Manhattan Oil Co. v. Richardson Lubricating Co., 113 F. 923, is to the same effect. There the Circuit Court of Appeals (Second) held that it was quite immaterial that the quantity of oil to be sold and bought was not definitely determined at the date of the contract, but was to be ascertained by extrinsic evidence. To the same effect is Jenkins Co. v. Ansheim Sugar Co. (D. C.) 237 F. 278, where the distinction was drawn sharply between a mere option to buy and an agreement to buy all required during the period contemplated. Also Lime Locomotive & Machine Co. v. National Steel Castings Co. (C. C. A.) 155 F. 77, 11 L. R. A. (N. S.) 713; Robertson v. Miller (C. C. A. 2d) 286 F. 508, citing Marx v. American Malting Co. (C. C. A.) 169 F. 582, to the effect that, where the certainty can be ascertained from the means to be supplied by the future exercise of the business in good faith, and in the normal manner of such business, such a commercial transaction does not lack mutuality. This principle has been applied to contracts that provide for the purchase and sale of the total amounts of given articles needed or required in an established enterprise over a definite period. Texas Co. v. Pensacola Maritime Corp., cited supra, and Pittsburgh Plate Glass Co. v. Neuer Glass Co. (C. C. A.) 253 F. 161, 165.
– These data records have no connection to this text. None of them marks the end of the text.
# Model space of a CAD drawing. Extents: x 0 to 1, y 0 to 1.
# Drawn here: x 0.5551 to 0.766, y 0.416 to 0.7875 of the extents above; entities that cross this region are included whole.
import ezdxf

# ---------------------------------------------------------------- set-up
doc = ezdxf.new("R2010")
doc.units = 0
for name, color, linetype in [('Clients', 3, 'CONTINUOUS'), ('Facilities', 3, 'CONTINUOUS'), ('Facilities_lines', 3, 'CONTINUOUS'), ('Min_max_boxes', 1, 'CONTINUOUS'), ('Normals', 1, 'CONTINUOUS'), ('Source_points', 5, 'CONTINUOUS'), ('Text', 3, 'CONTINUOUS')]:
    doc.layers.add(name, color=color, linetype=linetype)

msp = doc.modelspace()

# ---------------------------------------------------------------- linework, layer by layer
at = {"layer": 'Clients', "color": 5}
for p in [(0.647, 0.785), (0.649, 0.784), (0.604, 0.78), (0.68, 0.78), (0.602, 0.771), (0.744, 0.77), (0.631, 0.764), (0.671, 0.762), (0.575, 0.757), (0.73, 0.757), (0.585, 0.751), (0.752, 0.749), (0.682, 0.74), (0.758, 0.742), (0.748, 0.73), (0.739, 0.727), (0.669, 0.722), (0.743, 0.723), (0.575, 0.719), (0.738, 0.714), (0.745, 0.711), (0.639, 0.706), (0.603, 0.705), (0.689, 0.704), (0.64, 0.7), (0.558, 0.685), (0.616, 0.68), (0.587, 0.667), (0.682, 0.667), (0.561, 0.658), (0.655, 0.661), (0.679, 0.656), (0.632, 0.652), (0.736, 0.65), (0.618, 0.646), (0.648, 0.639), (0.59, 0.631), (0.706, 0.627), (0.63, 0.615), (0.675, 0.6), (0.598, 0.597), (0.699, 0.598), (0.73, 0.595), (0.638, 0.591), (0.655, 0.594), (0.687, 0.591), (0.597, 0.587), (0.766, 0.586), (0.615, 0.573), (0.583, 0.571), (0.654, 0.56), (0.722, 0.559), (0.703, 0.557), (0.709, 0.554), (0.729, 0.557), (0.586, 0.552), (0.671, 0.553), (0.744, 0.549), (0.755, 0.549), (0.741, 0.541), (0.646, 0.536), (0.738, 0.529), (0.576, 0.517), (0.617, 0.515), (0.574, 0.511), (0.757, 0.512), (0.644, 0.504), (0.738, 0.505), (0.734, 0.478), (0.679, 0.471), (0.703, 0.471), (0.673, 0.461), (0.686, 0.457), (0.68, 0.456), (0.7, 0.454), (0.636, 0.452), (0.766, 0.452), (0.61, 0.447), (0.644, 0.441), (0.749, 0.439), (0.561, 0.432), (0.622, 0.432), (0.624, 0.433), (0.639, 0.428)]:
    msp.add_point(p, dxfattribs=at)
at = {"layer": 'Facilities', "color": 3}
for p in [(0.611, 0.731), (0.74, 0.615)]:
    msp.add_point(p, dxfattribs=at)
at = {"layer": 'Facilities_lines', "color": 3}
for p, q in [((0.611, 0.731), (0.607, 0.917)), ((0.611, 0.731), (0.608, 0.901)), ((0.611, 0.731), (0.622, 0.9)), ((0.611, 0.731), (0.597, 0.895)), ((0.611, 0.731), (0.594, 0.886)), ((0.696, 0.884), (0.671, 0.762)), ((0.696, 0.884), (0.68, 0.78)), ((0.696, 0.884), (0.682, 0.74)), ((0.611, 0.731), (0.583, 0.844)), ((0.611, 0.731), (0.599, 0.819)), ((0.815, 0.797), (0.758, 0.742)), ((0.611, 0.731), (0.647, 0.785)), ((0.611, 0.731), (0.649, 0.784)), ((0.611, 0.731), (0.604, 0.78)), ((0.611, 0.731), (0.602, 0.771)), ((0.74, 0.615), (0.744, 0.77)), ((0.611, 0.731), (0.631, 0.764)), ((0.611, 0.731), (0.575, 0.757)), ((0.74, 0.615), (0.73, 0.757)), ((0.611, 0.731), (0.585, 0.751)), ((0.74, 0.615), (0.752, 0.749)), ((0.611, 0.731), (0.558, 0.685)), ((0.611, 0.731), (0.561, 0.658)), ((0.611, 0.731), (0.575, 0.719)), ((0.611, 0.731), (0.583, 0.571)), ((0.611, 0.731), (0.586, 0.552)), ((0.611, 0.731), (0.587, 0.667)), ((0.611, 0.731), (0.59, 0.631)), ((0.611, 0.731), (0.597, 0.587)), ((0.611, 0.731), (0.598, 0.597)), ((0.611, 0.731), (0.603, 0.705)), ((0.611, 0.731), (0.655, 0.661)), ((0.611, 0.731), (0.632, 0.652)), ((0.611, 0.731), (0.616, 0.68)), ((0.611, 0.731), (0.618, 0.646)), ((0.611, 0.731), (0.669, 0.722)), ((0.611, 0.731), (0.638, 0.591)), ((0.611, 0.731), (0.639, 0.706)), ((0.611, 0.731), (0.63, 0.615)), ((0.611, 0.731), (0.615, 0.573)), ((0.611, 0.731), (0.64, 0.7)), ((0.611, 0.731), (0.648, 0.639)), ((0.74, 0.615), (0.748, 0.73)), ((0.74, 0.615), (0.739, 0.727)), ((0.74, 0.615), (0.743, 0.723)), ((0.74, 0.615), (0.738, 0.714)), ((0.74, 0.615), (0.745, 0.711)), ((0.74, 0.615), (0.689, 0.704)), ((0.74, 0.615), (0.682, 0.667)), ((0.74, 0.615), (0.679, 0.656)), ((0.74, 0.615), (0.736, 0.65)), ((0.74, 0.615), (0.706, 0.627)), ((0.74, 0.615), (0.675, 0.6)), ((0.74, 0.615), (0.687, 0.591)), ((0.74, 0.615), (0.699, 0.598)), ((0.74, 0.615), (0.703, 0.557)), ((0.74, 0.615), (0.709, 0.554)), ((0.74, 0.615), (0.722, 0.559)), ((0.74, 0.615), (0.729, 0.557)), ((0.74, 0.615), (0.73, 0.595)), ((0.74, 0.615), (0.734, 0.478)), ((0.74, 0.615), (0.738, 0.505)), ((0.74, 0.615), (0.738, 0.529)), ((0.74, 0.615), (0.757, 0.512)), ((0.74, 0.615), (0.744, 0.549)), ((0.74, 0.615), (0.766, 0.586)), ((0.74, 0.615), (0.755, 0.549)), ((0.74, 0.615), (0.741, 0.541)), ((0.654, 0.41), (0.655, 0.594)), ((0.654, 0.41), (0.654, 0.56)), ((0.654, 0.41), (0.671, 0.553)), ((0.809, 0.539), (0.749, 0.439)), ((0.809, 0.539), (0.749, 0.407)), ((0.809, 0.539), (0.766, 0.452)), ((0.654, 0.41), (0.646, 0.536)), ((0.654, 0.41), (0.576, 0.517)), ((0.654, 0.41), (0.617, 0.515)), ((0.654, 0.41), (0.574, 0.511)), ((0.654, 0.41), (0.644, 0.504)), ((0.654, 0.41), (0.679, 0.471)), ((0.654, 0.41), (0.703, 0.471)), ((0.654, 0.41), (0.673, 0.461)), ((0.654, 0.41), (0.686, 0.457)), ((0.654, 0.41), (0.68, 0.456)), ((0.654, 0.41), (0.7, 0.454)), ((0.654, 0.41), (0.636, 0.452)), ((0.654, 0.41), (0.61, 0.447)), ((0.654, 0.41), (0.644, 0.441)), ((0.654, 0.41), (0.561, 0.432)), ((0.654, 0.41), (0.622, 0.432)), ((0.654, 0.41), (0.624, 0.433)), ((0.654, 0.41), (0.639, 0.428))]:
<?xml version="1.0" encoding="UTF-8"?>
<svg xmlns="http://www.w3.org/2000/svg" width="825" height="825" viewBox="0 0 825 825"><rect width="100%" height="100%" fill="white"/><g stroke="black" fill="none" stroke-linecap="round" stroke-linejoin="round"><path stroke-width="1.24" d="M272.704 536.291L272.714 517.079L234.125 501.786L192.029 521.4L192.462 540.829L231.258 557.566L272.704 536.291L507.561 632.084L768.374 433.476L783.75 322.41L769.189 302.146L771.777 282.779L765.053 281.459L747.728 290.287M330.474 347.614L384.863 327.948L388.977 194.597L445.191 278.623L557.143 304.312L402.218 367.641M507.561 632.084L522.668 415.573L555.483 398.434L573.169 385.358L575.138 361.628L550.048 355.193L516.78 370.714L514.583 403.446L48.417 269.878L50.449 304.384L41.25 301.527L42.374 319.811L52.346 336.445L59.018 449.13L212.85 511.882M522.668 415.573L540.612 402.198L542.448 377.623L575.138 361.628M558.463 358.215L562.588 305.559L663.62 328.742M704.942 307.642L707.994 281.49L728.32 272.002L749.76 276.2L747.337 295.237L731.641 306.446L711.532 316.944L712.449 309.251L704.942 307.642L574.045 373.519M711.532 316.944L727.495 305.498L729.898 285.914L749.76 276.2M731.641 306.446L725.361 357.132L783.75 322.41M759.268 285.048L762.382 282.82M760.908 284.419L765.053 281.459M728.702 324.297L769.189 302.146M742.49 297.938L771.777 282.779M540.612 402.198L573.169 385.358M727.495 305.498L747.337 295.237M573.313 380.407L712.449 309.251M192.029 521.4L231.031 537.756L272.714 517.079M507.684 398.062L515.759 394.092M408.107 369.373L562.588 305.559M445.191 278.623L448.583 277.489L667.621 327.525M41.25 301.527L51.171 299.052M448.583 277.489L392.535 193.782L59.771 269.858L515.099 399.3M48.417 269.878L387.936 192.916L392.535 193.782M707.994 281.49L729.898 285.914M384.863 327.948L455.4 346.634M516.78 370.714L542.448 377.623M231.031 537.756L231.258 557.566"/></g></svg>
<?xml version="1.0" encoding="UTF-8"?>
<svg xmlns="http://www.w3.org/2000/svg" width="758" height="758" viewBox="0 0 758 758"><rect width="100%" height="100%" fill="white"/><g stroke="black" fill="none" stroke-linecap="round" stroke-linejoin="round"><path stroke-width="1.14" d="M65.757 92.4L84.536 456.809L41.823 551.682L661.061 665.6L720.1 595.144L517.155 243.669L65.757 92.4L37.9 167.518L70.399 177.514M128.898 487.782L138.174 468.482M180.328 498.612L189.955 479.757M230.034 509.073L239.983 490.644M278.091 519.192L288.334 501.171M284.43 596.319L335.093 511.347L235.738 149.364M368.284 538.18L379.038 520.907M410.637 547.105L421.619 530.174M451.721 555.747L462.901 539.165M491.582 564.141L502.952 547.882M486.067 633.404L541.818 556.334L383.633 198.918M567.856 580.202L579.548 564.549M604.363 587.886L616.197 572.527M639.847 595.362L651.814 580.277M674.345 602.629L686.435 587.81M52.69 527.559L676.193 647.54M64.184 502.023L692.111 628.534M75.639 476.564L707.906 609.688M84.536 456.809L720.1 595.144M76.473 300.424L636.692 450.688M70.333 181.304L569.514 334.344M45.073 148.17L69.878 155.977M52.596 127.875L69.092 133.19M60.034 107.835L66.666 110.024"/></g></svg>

It follows that, since the libel alleges that the two parties to this contract were each engaged in an established business, known to the other, with respect to which the contract was made, there was no lack of mutuality. The contract was enforceable on both sides. The contract did not leave the parties with a mere hope or expectation of future business, such as was presented in Dennis v. Slyfield (C. C. A.) 117 F. 479; nor did it leave one party free to refuse to accept the rejection of the other and thereby escape his obligation, as in . Hind, Rolph & Co. v. Bertaut & Co. (D. C.) 9 F.(2d) 191; nor did it place the performance of the essence of the contract at the steamship company’s will, entirely subject to its option, as in Tweedie Trading Co. v. Parlin & Orendorff, 204 F. 50, 122 C. C. A. 364.

If the business of libelant was not established and the character and volume of its possible requirements known and contemplated by the contract, there might be reason to consider that, by using the word “available,” the libelant had reserved to itself the right to ship or not to ship at its option. However, from the libel and the contract, the contrary appears. No less does it appear that the word “agrees” was used in the present, and not the future, tense, and that the respondent was firmly obligated to load or cause to be loaded the ships operated and controlled by it upon the notice prescribed by the terms of the contract.

Accordingly, the exceptions will be overruled.